Cinsel istismara uğrayan çocuğun bu olaya tepkisinin, cinsel istismarın şiddetine, türüne, ortaya çıkma sıklığına ve yaşına göre değişmekte olduğunu belirten TERAPİDER Üyesi Psikolog Gül KIR da açıklamasında; “Cinsel istismara uğrayan çocuklarda, kısa ve uzun vadede, başta psikosomatik rahatsızlıklar olmak üzere çeşitli tıbbi ve psikolojik rahatsızlıklar ortaya çıkmaktadır.
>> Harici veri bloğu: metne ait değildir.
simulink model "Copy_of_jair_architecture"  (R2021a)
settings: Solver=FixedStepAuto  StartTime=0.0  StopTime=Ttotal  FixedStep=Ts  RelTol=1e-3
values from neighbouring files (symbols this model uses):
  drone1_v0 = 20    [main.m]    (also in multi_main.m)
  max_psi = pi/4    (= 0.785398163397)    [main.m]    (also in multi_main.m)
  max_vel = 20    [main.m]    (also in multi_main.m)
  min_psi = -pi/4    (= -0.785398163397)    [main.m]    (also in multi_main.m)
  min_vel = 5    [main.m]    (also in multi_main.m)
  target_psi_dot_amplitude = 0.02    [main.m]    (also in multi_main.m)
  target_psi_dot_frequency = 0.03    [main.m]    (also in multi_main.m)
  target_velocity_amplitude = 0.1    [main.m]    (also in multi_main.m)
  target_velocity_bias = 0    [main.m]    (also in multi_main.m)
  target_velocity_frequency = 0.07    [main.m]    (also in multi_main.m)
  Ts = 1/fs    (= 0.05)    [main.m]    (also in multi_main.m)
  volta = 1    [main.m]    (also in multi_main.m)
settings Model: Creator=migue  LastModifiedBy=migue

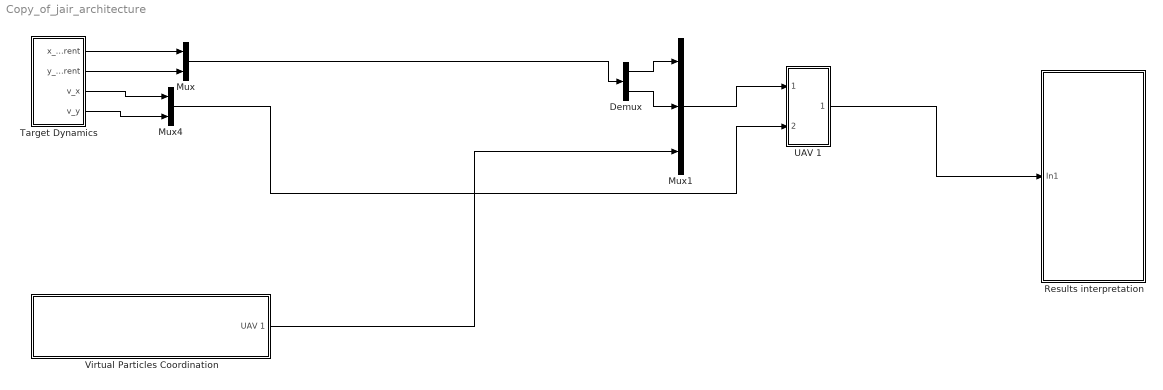
== system Copy_of_jair_architecture ==
  Demux : Demux  Outputs=2
  Mux : Mux  Inputs=2
  Mux1 : Mux  Inputs=3
  Mux4 : Mux  Inputs=2
  Results interpretation : Subsystem
  Target Dynamics : Subsystem
  UAV 1 : Subsystem
  Virtual Particles Coordination : Subsystem
  wires:
  Mux1/1 -> UAV 1/1((x;y))
  UAV 1/1(Out1) -> Results interpretation/1(In1)
  Demux/1 -> Mux1/1
  Demux/2 -> Mux1/2
  Mux/1 -> Demux/1
  Target Dynamics/1(x_current) -> Mux/1
  Target Dynamics/2(y_current) -> Mux/2
  Target Dynamics/3(v_x) -> Mux4/1
  Target Dynamics/4(v_y) -> Mux4/2
  Mux4/1 -> UAV 1/2(Vx e Vy target)
  Virtual Particles Coordination/1(UAV 1) -> Mux1/3

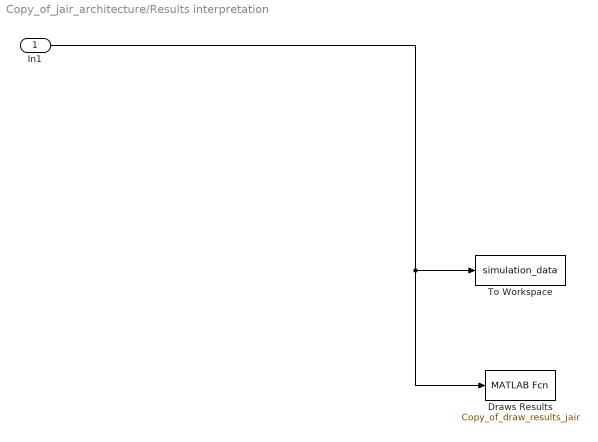
== system Copy_of_jair_architecture/Results interpretation ==
  In1 : Inport
  Draws Results : MATLABFcn  MATLABFcn=Copy_of_draw_results_jair  OutputDimensions=0
  To Workspace : ToWorkspace  VariableName=simulation_data  SampleTime=-1
  wires:
  In1/1 -> Draws Results/1, To Workspace/1

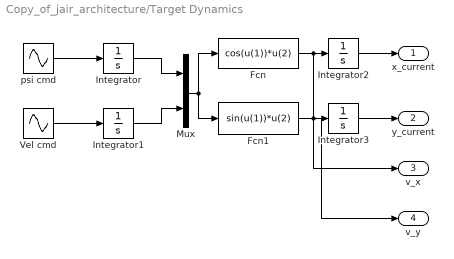
== system Copy_of_jair_architecture/Target Dynamics ==
  Fcn : Fcn  Expr=cos(u(1))*u(2)
  Fcn1 : Fcn  Expr=sin(u(1))*u(2)
  Integrator{,1..3} (4 alike) : Integrator
  Mux : Mux  Inputs=2
  Vel cmd : Sin  Amplitude=target_velocity_amplitude  Bias=target_velocity_bias  Frequency=target_velocity_frequency  SampleTime=Ts
  psi cmd : Sin  Amplitude=target_psi_dot_amplitude  Frequency=target_psi_dot_frequency  Phase=pi/2  SampleTime=Ts
  x_current : Outport  VectorParamsAs1DForOutWhenUnconnected=off
  y_current : Outport  Port=2  VectorParamsAs1DForOutWhenUnconnected=off
  v_x : Outport  Port=3  VectorParamsAs1DForOutWhenUnconnected=off
  v_y : Outport  Port=4  VectorParamsAs1DForOutWhenUnconnected=off
  wires:
  Fcn/1 -> Integrator2/1, v_x/1
  Mux/1 -> Fcn/1, Fcn1/1
  Fcn1/1 -> v_y/1, Integrator3/1
  Integrator3/1 -> y_current/1
  Integrator2/1 -> x_current/1
  psi cmd/1 -> Integrator/1
  Integrator/1 -> Mux/1
  Vel cmd/1 -> Integrator1/1
  Integrator1/1 -> Mux/2

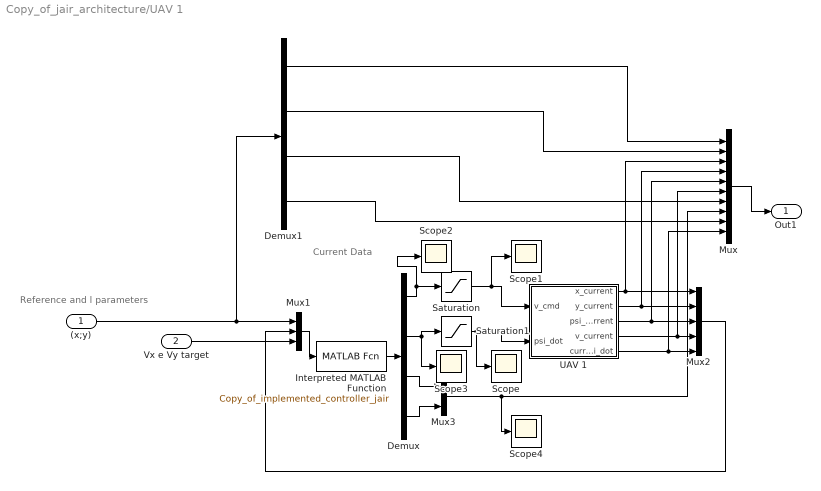
== system Copy_of_jair_architecture/UAV 1 ==
  note: Current Data
  note: Reference and l parameters
  (x;y) : Inport
  Vx e Vy target : Inport  Port=2
  Demux : Demux
  Demux1 : Demux
  Interpreted MATLAB Function : MATLABFcn  MATLABFcn=Copy_of_implemented_controller_jair  OutputDimensions=4
  Mux : Mux  Inputs=10
  Mux1 : Mux  Inputs=3
  Mux2 : Mux  Inputs=5
  Mux3 : Mux  Inputs=2
  Saturation : Saturate  UpperLimit=max_vel  LowerLimit=min_vel
  Saturation1 : Saturate  UpperLimit=max_psi  LowerLimit=min_psi
  Scope{,1..4} (5 alike) : Scope
  UAV 1 : Subsystem
  Out1 : Outport
  wires:
  Mux1/1 -> Interpreted MATLAB Function/1
  Interpreted MATLAB Function/1 -> Demux/1
  Demux/1 -> Scope2/1, Saturation/1
  UAV 1/4(v_current) -> Mux/6, Mux2/4
  Mux2/1 -> Mux1/2
  Demux/2 -> Scope3/1, Saturation1/1
  (x;y)/1 -> Demux1/1, Mux1/1
  Demux1/1 -> Mux/1
  Demux1/2 -> Mux/2
  Mux/1 -> Out1/1
  UAV 1/3(psi_current) -> Mux/5, Mux2/3
  UAV 1/1(x_current) -> Mux/3, Mux2/1
  UAV 1/2(y_current) -> Mux/4, Mux2/2
  UAV 1/5(current_psi_dot) -> Mux/10, Mux2/5
  Saturation/1 -> UAV 1/1(v_cmd), Scope1/1
  Saturation1/1 -> Scope/1, UAV 1/2(psi_dot)
  Mux3/1 -> Scope4/1, Mux/8
  Demux/4 -> Mux3/2
  Demux/3 -> Mux3/1
  Demux1/3 -> Mux/7
  Demux1/4 -> Mux/9
  Vx e Vy target/1 -> Mux1/3

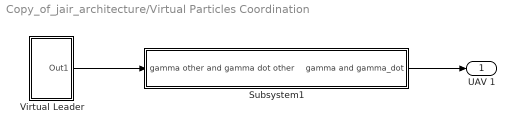
== system Copy_of_jair_architecture/Virtual Particles Coordination ==
  Subsystem1 : Subsystem
  Virtual Leader : Subsystem
  UAV 1 : Outport
  wires:
  Virtual Leader/1(Out1) -> Subsystem1/1(gamma other and gamma dot other)
  Subsystem1/1(gamma and gamma_dot) -> UAV 1/1

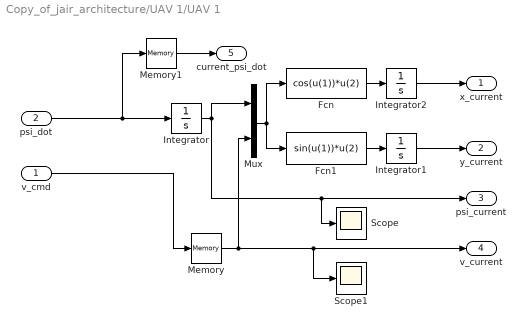
== system Copy_of_jair_architecture/UAV 1/UAV 1 ==
  v_cmd : Inport
  psi_dot : Inport  Port=2
  Fcn : Fcn  Expr=cos(u(1))*u(2)
  Fcn1 : Fcn  Expr=sin(u(1))*u(2)
  Integrator : Integrator
  Integrator1 : Integrator
  Integrator2 : Integrator
  Memory : Memory  InitialCondition=drone1_v0  InheritSampleTime=on
  Memory1 : Memory
  Mux : Mux  Inputs=2
  Scope : Scope
  Scope1 : Scope
  x_current : Outport  VectorParamsAs1DForOutWhenUnconnected=off
  y_current : Outport  Port=2  VectorParamsAs1DForOutWhenUnconnected=off
  psi_current : Outport  Port=3  VectorParamsAs1DForOutWhenUnconnected=off
  v_current : Outport  Port=4  VectorParamsAs1DForOutWhenUnconnected=off
  current_psi_dot : Outport  Port=5
  wires:
  Integrator2/1 -> x_current/1
  Integrator1/1 -> y_current/1
  Fcn/1 -> Integrator2/1
  Fcn1/1 -> Integrator1/1
  Mux/1 -> Fcn/1, Fcn1/1
  v_cmd/1 -> Memory/1
  Integrator/1 -> Mux/1, Scope/1, psi_current/1
  Memory/1 -> Scope1/1, v_current/1, Mux/2
  psi_dot/1 -> Memory1/1, Integrator/1
  Memory1/1 -> current_psi_dot/1

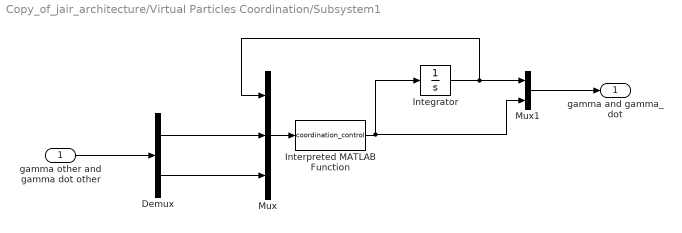
== system Copy_of_jair_architecture/Virtual Particles Coordination/Subsystem1 ==
  gamma other and gamma dot other : Inport
  Demux : Demux  Outputs=2
  Integrator : Integrator
  Interpreted MATLAB Function : MATLABFcn  MATLABFcn=coordination_control  OutputDimensions=1
  Mux : Mux  Inputs=3
  Mux1 : Mux  Inputs=2
  gamma and gamma_dot : Outport
  wires:
  Interpreted MATLAB Function/1 -> Integrator/1, Mux1/2
  Demux/1 -> Mux/2
  Integrator/1 -> Mux1/1, Mux/1
  Mux/1 -> Interpreted MATLAB Function/1
  Mux1/1 -> gamma and gamma_dot/1
  gamma other and gamma dot other/1 -> Demux/1
  Demux/2 -> Mux/3

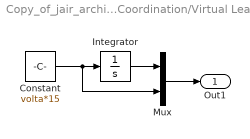
== system Copy_of_jair_architecture/Virtual Particles Coordination/Virtual Leader ==
  Constant : Constant  Value=volta*15
  Integrator : Integrator
  Mux : Mux  Inputs=2
  Out1 : Outport
  wires:
  Mux/1 -> Out1/1
  Integrator/1 -> Mux/1
  Constant/1 -> Integrator/1, Mux/2

Cinsel istismara uğrayan çocuklarda ilerleyen dönemlerde; kaygı bozuklukları, depresyon, intihar düşüncesi veya alışılmadık tarzda korku, kızgınlık, huzursuzluk, düşmanlık ya da saldırgan hareketler, davranış bozuklukları gibi psikolojik belirtiler görülebilir. Yaşına uygun olmayan bir şekilde cinsel davranışlar hakkında detaylı bilgi, yaşam rutinlerinde değişim, erken yaşlarda hamile kalarak fiziksel sağlıklarının bozulmasına neden olan pek çok yaşamsal sorun ortaya çıkabilir. Bunun yanında, okula gösterdiği gayrette azalma ve notlarında düşüş, okul ödevlerine yoğunlaşmada güçlük, okul aktivitelerine ilginin aniden azalması, okuldan erken dönme gibi okulla alakalı negatif belirtilere de sıkça rastlanmaktadır. Bu belirtilere ek olarak üzerini giyinip çıkarırken sorun çıkarma, bulunduğu gelişim dönemine uygun olmayan davranışlar (parmak emme, yatak ıslatma, bebek konuşması, anneye daha fazla yapışık olma) gösterme, kâbuslar görme, başka insanlara yaklaşamama, durduk yerde ağlama nöbetleri, mükemmeliyetçilik, aşırı utanç, suçluluk ifadesi, karın ağrısı ve baş ağrılarında artış, evden kaçma gibi sıkıntılar da görülebilmektedir. Cinsel istismara uğrayan çocukların hepsi bu belirtileri gösterecek diye bir durum söz konusu olmamakla birlikte, bu belirtilerden birkaçı varsa ebeveynler ve diğer bakım verenler çocuğu dikkatle gözlemlemelidir.” dedi.